Example of processing Lending Club data with VoltDB and H2O. The goal here is to show operationalization of Machine Learning models in VoltDB.
The primary entities here are Loans and Funds.
Loan - Each new loan (as generated by the client or ingested from Kafka) has a bunch of attributes such as (a) The loan Amount, (b) The credit rating of the borrower, (c) The % of loan amount that has been funded already, and over 100 others. Machine Learning is used to predict the risk that is associated with each loan.
Fund - A Fund is an amount of money that is available to be invested in the loans with a risk profile. Each fund has the total amount that belongs to that fund and how that amount should be divided among the different risk levels.
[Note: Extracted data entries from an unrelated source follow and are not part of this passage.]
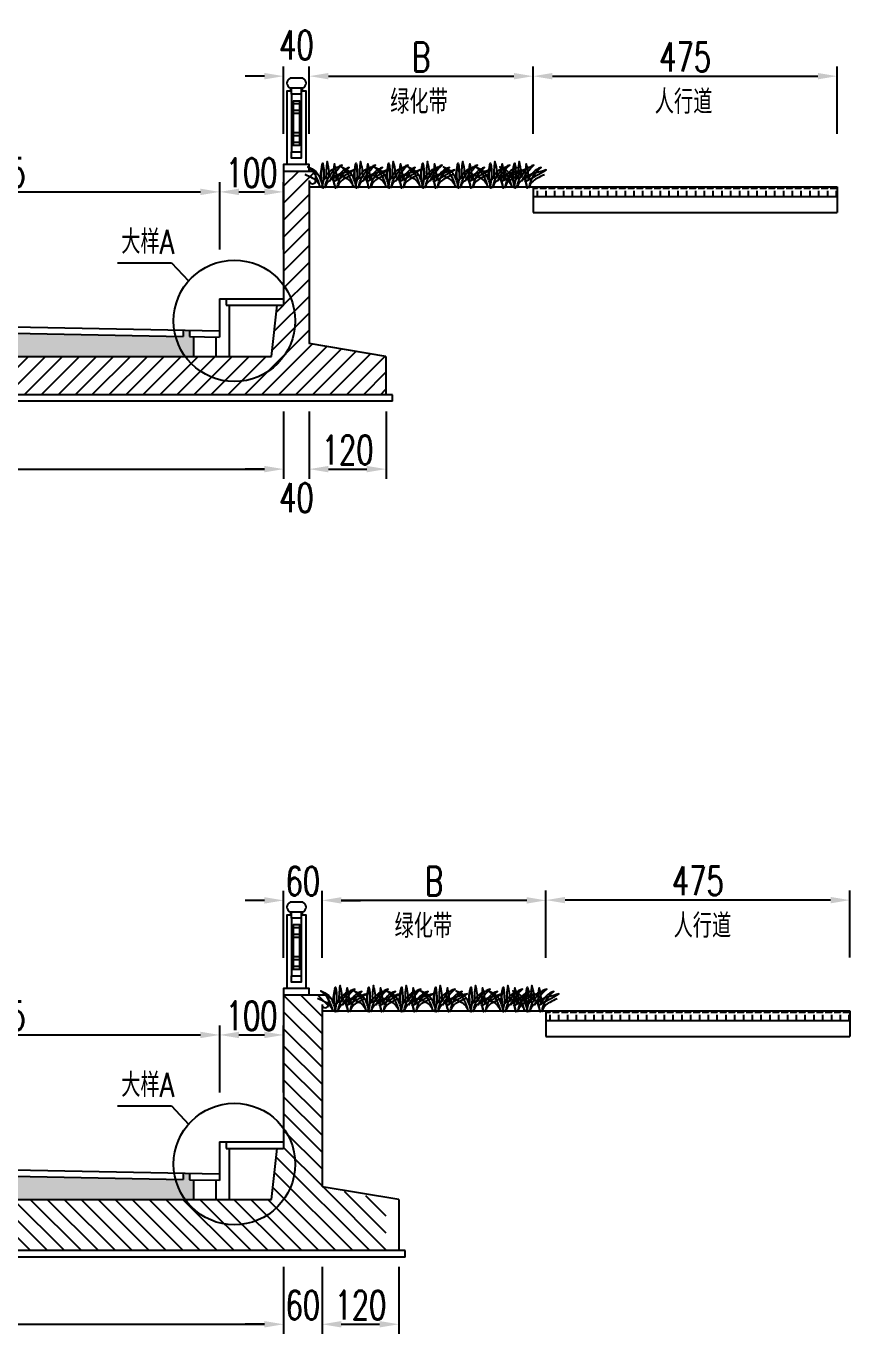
# Model space of a CAD drawing. Header units: millimetres. Extents: x -24222 to 32035, y -74604 to 14337.
# Drawn here: x 2455 to 3743, y 1964 to 4010 of the extents above; entities that cross this region are included whole.
import ezdxf
from ezdxf.enums import TextEntityAlignment as Align

# ---------------------------------------------------------------- set-up
doc = ezdxf.new("R2010")
doc.units = ezdxf.units.MM
doc.header["$LTSCALE"] = 0.25
doc.header["$MEASUREMENT"] = 0
for name, color, linetype in [('3', 3, 'Continuous'), ('填充', 8, 'Continuous'), ('文字', 7, 'Continuous'), ('标注', 7, 'Continuous'), ('栏杆', 8, 'Continuous'), ('次轮廓线', 7, 'Continuous'), ('轮廓线', 1, 'Continuous')]:
    doc.layers.add(name, color=color, linetype=linetype)
doc.styles.get("Standard").update_dxf_attribs({"font": 'simplex1.shx', "width": 0.7, "bigfont": 'hztxt.shx'})
doc.dimstyles.new('150', dxfattribs={"dimscale": 15, "dimtxt": 3, "dimasz": 2, "dimexe": 1, "dimexo": 1, "dimgap": 0.5, "dimtad": 1, "dimdec": 1, "dimdsep": 46, "dimtxsty": 'Standard', "dimcen": 0.5, "dimadec": 0, "dimazin": 0, "dimtfac": 1, "dimtdec": 1, "dimtofl": 0, "dimtmove": 2, "dimatfit": 3, "dimfxl": 0, "dimtolj": 1, "dimtzin": 0, "dimarcsym": 0})

# ---------------------------------------------------------------- blocks, each defined once
blk = doc.blocks.new('*D6')
at = {"layer": 'Defpoints', "color": 0}
for p in [(2857.9, 2254.5), (1582.9, 2174.5), (2857.9, 1979.3)]:
    blk.add_point(p, dxfattribs=at)
at = {"layer": '标注', "color": 0, "lineweight": -2}
for p, q in [((1582.9, 2069.3), (1582.9, 1964.3)), ((2857.9, 2069.3), (2857.9, 1964.3)), ((1612.9, 1979.3), (2827.9, 1979.3))]:
    blk.add_line(p, q, dxfattribs=at)
at = {"layer": '标注', "color": 0}
for points in [[(1612.9, 1984.3), (1612.9, 1974.3), (1582.9, 1979.3)], [(2827.9, 1984.3), (2827.9, 1974.3), (2857.9, 1979.3)]]:
    blk.add_solid(points, dxfattribs=at)
at = {"layer": '标注', "color": 0, "insert": (2220.4, 2009.3), "char_height": 45, "attachment_point": 5}
blk.add_mtext('\\A1;1275', dxfattribs=at)
blk = doc.blocks.new('*D7')
at = {"layer": 'Defpoints', "color": 0}
for p in [(2857.9, 2254.5), (2917.9, 2194.5), (2917.9, 1979.3)]:
    blk.add_point(p, dxfattribs=at)
at = {"layer": '标注', "color": 0, "lineweight": -2}
for p, q in [((2857.9, 2069.3), (2857.9, 1964.3)), ((2917.9, 2069.3), (2917.9, 1964.3)), ((2827.9, 1979.3), (2797.9, 1979.3)), ((2947.9, 1979.3), (2977.9, 1979.3))]:
    blk.add_line(p, q, dxfattribs=at)
at = {"layer": '标注', "color": 0}
for points in [[(2827.9, 1984.3), (2827.9, 1974.3), (2857.9, 1979.3)], [(2947.9, 1984.3), (2947.9, 1974.3), (2917.9, 1979.3)]]:
    blk.add_solid(points, dxfattribs=at)
at = {"layer": '标注', "color": 0, "insert": (2887.9, 2009.3), "char_height": 45, "attachment_point": 5}
blk.add_mtext('\\A1;60', dxfattribs=at)
blk = doc.blocks.new('*D8')
at = {"layer": 'Defpoints', "color": 0}
for p in [(2917.9, 2194.5), (3037.9, 2094.5), (3037.9, 1979.3)]:
    blk.add_point(p, dxfattribs=at)
at = {"layer": '标注', "color": 0, "lineweight": -2}
for p, q in [((2917.9, 2069.3), (2917.9, 1964.3)), ((3037.9, 2069.3), (3037.9, 1964.3)), ((2947.9, 1979.3), (3007.9, 1979.3))]:
    blk.add_line(p, q, dxfattribs=at)
at = {"layer": '标注', "color": 0}
for points in [[(2947.9, 1984.3), (2947.9, 1974.3), (2917.9, 1979.3)], [(3007.9, 1984.3), (3007.9, 1974.3), (3037.9, 1979.3)]]:
    blk.add_solid(points, dxfattribs=at)
at = {"layer": '标注', "color": 0, "insert": (2977.9, 2009.3), "char_height": 45, "attachment_point": 5}
blk.add_mtext('\\A1;120', dxfattribs=at)
blk = doc.blocks.new('*D16')
at = {"layer": 'Defpoints', "color": 0}
for p in [(2917.9, 2642.4), (2857.9, 2264.5), (2917.9, 2194.5)]:
    blk.add_point(p, dxfattribs=at)
at = {"layer": '标注', "color": 0, "lineweight": -2}
for p, q in [((2827.9, 2642.4), (2797.9, 2642.4)), ((2857.9, 2552.4), (2857.9, 2657.4)), ((2917.9, 2552.4), (2917.9, 2657.4)), ((2947.9, 2642.4), (2977.9, 2642.4))]:
    blk.add_line(p, q, dxfattribs=at)
at = {"layer": '标注', "color": 0}
for points in [[(2827.9, 2647.4), (2827.9, 2637.4), (2857.9, 2642.4)], [(2947.9, 2647.4), (2947.9, 2637.4), (2917.9, 2642.4)]]:
    blk.add_solid(points, dxfattribs=at)
at = {"layer": '标注', "color": 0, "insert": (2887.9, 2672.4), "char_height": 45, "attachment_point": 5}
blk.add_mtext('\\A1;60', dxfattribs=at)
blk = doc.blocks.new('*D17')
at = {"layer": 'Defpoints', "color": 0}
for p in [(2757.9, 2431.9), (2757.9, 2264.5), (1582.9, 2204.4)]:
    blk.add_point(p, dxfattribs=at)
at = {"layer": '标注', "color": 0, "lineweight": -2}
for p, q in [((1582.9, 2341.9), (1582.9, 2446.9)), ((2757.9, 2341.9), (2757.9, 2446.9)), ((1612.9, 2431.9), (2727.9, 2431.9))]:
    blk.add_line(p, q, dxfattribs=at)
at = {"layer": '标注', "color": 0}
for points in [[(1612.9, 2436.9), (1612.9, 2426.9), (1582.9, 2431.9)], [(2727.9, 2436.9), (2727.9, 2426.9), (2757.9, 2431.9)]]:
    blk.add_solid(points, dxfattribs=at)
at = {"layer": '标注', "color": 0, "insert": (2170.4, 2461.9), "char_height": 45, "attachment_point": 5}
blk.add_mtext('\\A1;50+375+2x350+50=1175', dxfattribs=at)
blk = doc.blocks.new('*D18')
at = {"layer": 'Defpoints', "color": 0}
for p in [(2857.9, 2431.9), (2757.9, 2264.5), (2857.9, 2264.5)]:
    blk.add_point(p, dxfattribs=at)
at = {"layer": '标注', "color": 0, "lineweight": -2}
for p, q in [((2757.9, 2341.9), (2757.9, 2446.9)), ((2857.9, 2341.9), (2857.9, 2446.9)), ((2787.9, 2431.9), (2827.9, 2431.9))]:
    blk.add_line(p, q, dxfattribs=at)
at = {"layer": '标注', "color": 0}
for points in [[(2787.9, 2436.9), (2787.9, 2426.9), (2757.9, 2431.9)], [(2827.9, 2436.9), (2827.9, 2426.9), (2857.9, 2431.9)]]:
    blk.add_solid(points, dxfattribs=at)
at = {"layer": '标注', "color": 0, "insert": (2807.9, 2461.9), "char_height": 45, "attachment_point": 5}
blk.add_mtext('\\A1;100', dxfattribs=at)
blk = doc.blocks.new('*D31')
at = {"color": 0, "lineweight": -2}
for p, q in [((3267.9, 2552.8), (3267.9, 2657.8)), ((3712.9, 2642.8), (3297.9, 2642.8)), ((3742.9, 2552.8), (3742.9, 2657.8))]:
    blk.add_line(p, q, dxfattribs=at)
at = {"color": 0}
for points in [[(3297.9, 2647.8), (3297.9, 2637.8), (3267.9, 2642.8)], [(3712.9, 2647.8), (3712.9, 2637.8), (3742.9, 2642.8)]]:
    blk.add_solid(points, dxfattribs=at)
at = {"layer": 'Defpoints', "color": 0}
for p in [(3267.9, 2642.8), (3267.9, 2469.5), (3742.9, 2469.5)]:
    blk.add_point(p, dxfattribs=at)
at = {"color": 0, "insert": (3505.4, 2672.8), "char_height": 45, "attachment_point": 5}
blk.add_mtext('\\A1;475', dxfattribs=at)
blk = doc.blocks.new('*D32')
at = {"color": 0, "lineweight": -2}
for p, q in [((2917.9, 2552.4), (2917.9, 2657.4)), ((3237.9, 2642.4), (2947.9, 2642.4)), ((3267.9, 2552.4), (3267.9, 2657.4))]:
    blk.add_line(p, q, dxfattribs=at)
at = {"color": 0}
for points in [[(2947.9, 2647.4), (2947.9, 2637.4), (2917.9, 2642.4)], [(3237.9, 2647.4), (3237.9, 2637.4), (3267.9, 2642.4)]]:
    blk.add_solid(points, dxfattribs=at)
at = {"layer": 'Defpoints', "color": 0}
for p in [(2917.9, 2642.4), (2917.9, 2469.5), (3267.9, 2469.5)]:
    blk.add_point(p, dxfattribs=at)
at = {"color": 0, "insert": (3092.9, 2672.4), "char_height": 45, "attachment_point": 5}
blk.add_mtext('\\A1;B', dxfattribs=at)
blk = doc.blocks.new('*D43')
at = {"layer": 'Defpoints', "color": 0}
for p in [(2857.9, 3573.4), (1582.9, 3493.4), (2857.9, 3317)]:
    blk.add_point(p, dxfattribs=at)
at = {"layer": '标注', "color": 0, "lineweight": -2}
for p, q in [((1582.9, 3407), (1582.9, 3302)), ((2857.9, 3407), (2857.9, 3302)), ((1612.9, 3317), (2827.9, 3317))]:
    blk.add_line(p, q, dxfattribs=at)
at = {"layer": '标注', "color": 0}
for points in [[(1612.9, 3322), (1612.9, 3312), (1582.9, 3317)], [(2827.9, 3322), (2827.9, 3312), (2857.9, 3317)]]:
    blk.add_solid(points, dxfattribs=at)
at = {"layer": '标注', "color": 0, "insert": (2220.4, 3347), "char_height": 45, "attachment_point": 5}
blk.add_mtext('\\A1;1275', dxfattribs=at)
blk = doc.blocks.new('*D44')
at = {"layer": 'Defpoints', "color": 0}
for p in [(2857.9, 3573.4), (2897.9, 3513.4), (2897.9, 3317)]:
    blk.add_point(p, dxfattribs=at)
at = {"layer": '标注', "color": 0, "lineweight": -2}
for p, q in [((2857.9, 3407), (2857.9, 3302)), ((2897.9, 3407), (2897.9, 3302)), ((2827.9, 3317), (2797.9, 3317)), ((2927.9, 3317), (2957.9, 3317))]:
    blk.add_line(p, q, dxfattribs=at)
at = {"layer": '标注', "color": 0}
for points in [[(2827.9, 3322), (2827.9, 3312), (2857.9, 3317)], [(2927.9, 3322), (2927.9, 3312), (2897.9, 3317)]]:
    blk.add_solid(points, dxfattribs=at)
at = {"layer": '标注', "color": 0, "insert": (2877.9, 3272.3), "char_height": 45, "attachment_point": 5}
blk.add_mtext('\\A1;40', dxfattribs=at)
blk = doc.blocks.new('*D45')
at = {"layer": 'Defpoints', "color": 0}
for p in [(2897.9, 3513.4), (3017.9, 3433.4), (3017.9, 3317)]:
    blk.add_point(p, dxfattribs=at)
at = {"layer": '标注', "color": 0, "lineweight": -2}
for p, q in [((2897.9, 3407), (2897.9, 3302)), ((3017.9, 3407), (3017.9, 3302)), ((2927.9, 3317), (2987.9, 3317))]:
    blk.add_line(p, q, dxfattribs=at)
at = {"layer": '标注', "color": 0}
for points in [[(2927.9, 3322), (2927.9, 3312), (2897.9, 3317)], [(2987.9, 3322), (2987.9, 3312), (3017.9, 3317)]]:
    blk.add_solid(points, dxfattribs=at)
at = {"layer": '标注', "color": 0, "insert": (2957.9, 3347), "char_height": 45, "attachment_point": 5}
blk.add_mtext('\\A1;120', dxfattribs=at)
blk = doc.blocks.new('*D53')
at = {"layer": 'Defpoints', "color": 0}
for p in [(2897.9, 3931.7), (2857.9, 3583.4), (2897.9, 3513.4)]:
    blk.add_point(p, dxfattribs=at)
at = {"layer": '标注', "color": 0, "lineweight": -2}
for p, q in [((2827.9, 3931.7), (2797.9, 3931.7)), ((2857.9, 3841.7), (2857.9, 3946.7)), ((2897.9, 3841.7), (2897.9, 3946.7)), ((2927.9, 3931.7), (2957.9, 3931.7))]:
    blk.add_line(p, q, dxfattribs=at)
at = {"layer": '标注', "color": 0}
for points in [[(2827.9, 3936.7), (2827.9, 3926.7), (2857.9, 3931.7)], [(2927.9, 3936.7), (2927.9, 3926.7), (2897.9, 3931.7)]]:
    blk.add_solid(points, dxfattribs=at)
at = {"layer": '标注', "color": 0, "insert": (2877.9, 3980.4), "char_height": 45, "attachment_point": 5}
blk.add_mtext('\\A1;40', dxfattribs=at)
blk = doc.blocks.new('*D54')
at = {"layer": 'Defpoints', "color": 0}
for p in [(2757.9, 3750.7), (2757.9, 3583.4), (1582.9, 3523.3)]:
    blk.add_point(p, dxfattribs=at)
at = {"layer": '标注', "color": 0, "lineweight": -2}
for p, q in [((1582.9, 3660.7), (1582.9, 3765.7)), ((2757.9, 3660.7), (2757.9, 3765.7)), ((1612.9, 3750.7), (2727.9, 3750.7))]:
    blk.add_line(p, q, dxfattribs=at)
at = {"layer": '标注', "color": 0}
for points in [[(1612.9, 3755.7), (1612.9, 3745.7), (1582.9, 3750.7)], [(2727.9, 3755.7), (2727.9, 3745.7), (2757.9, 3750.7)]]:
    blk.add_solid(points, dxfattribs=at)
at = {"layer": '标注', "color": 0, "insert": (2170.4, 3780.7), "char_height": 45, "attachment_point": 5}
blk.add_mtext('\\A1;50+375+2x350+50=1175', dxfattribs=at)
blk = doc.blocks.new('*D55')
at = {"layer": 'Defpoints', "color": 0}
for p in [(2857.9, 3750.7), (2757.9, 3583.4), (2857.9, 3583.4)]:
    blk.add_point(p, dxfattribs=at)
at = {"layer": '标注', "color": 0, "lineweight": -2}
for p, q in [((2757.9, 3660.7), (2757.9, 3765.7)), ((2857.9, 3660.7), (2857.9, 3765.7)), ((2787.9, 3750.7), (2827.9, 3750.7))]:
    blk.add_line(p, q, dxfattribs=at)
at = {"layer": '标注', "color": 0}
for points in [[(2787.9, 3755.7), (2787.9, 3745.7), (2757.9, 3750.7)], [(2827.9, 3755.7), (2827.9, 3745.7), (2857.9, 3750.7)]]:
    blk.add_solid(points, dxfattribs=at)
at = {"layer": '标注', "color": 0, "insert": (2807.9, 3780.7), "char_height": 45, "attachment_point": 5}
blk.add_mtext('\\A1;100', dxfattribs=at)
blk = doc.blocks.new('*D35')
at = {"layer": 'Defpoints', "color": 0}
for p in [(3247.9, 3931.7), (2897.9, 3783.4), (3247.9, 3758.4)]:
    blk.add_point(p, dxfattribs=at)
at = {"layer": '标注', "color": 0, "lineweight": -2}
for p, q in [((2897.9, 3841.7), (2897.9, 3946.7)), ((2927.9, 3931.7), (3217.9, 3931.7)), ((3247.9, 3841.7), (3247.9, 3946.7))]:
    blk.add_line(p, q, dxfattribs=at)
at = {"layer": '标注', "color": 0}
for points in [[(2927.9, 3936.7), (2927.9, 3926.7), (2897.9, 3931.7)], [(3217.9, 3936.7), (3217.9, 3926.7), (3247.9, 3931.7)]]:
    blk.add_solid(points, dxfattribs=at)
at = {"layer": '标注', "color": 0, "insert": (3072.9, 3961.7), "char_height": 45, "attachment_point": 5}
blk.add_mtext('\\A1;B', dxfattribs=at)
blk = doc.blocks.new('*D36')
at = {"layer": 'Defpoints', "color": 0}
for p in [(3722.9, 3931.7), (3247.9, 3758.4), (3722.9, 3758.4)]:
    blk.add_point(p, dxfattribs=at)
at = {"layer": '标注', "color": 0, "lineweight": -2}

The goal of the application is to match the best fund to invest in a loan based on the calculated risk and the fund's tolerance for risk.
The primary performance metric of this application is the number of new loans accepted per second. To provide maximum scalability for ingestion, the insert workload is partitioned on the unique id of the loan. Since the funds are not updated frequently and do not need a lot of memory, the Funds table is replicated across the database. Since the risk factor is what brings the loans and the funds together, the relationship table that maps the funds to the loans that they are invested in is partitioned by the risk factor.
Since the relevant tables are partitioned by different columns, the application divides the processing of each new loan into two transactions. One transaction accepts the new loan, calculates the risk, and inserts it into the NEW_LOAN table. The other transaction matches the loan with the appropriate fund based on the calculated risk. The application uses VoltDB's loopback exporter for the first transaction to call the second transaction.
- Each new loan is passed to NewLoan procedure which calculates the risk and saves it to the NEW_LOANS table.
- Some of the new loan's data is also written out to the LOAN_BY_RISK stream which is a loopback exporter back to VoltDB
- The AllocateLoan procedure is called for each new loan written out to the LOAN_BY_RISK stream where a decision is made on the loan.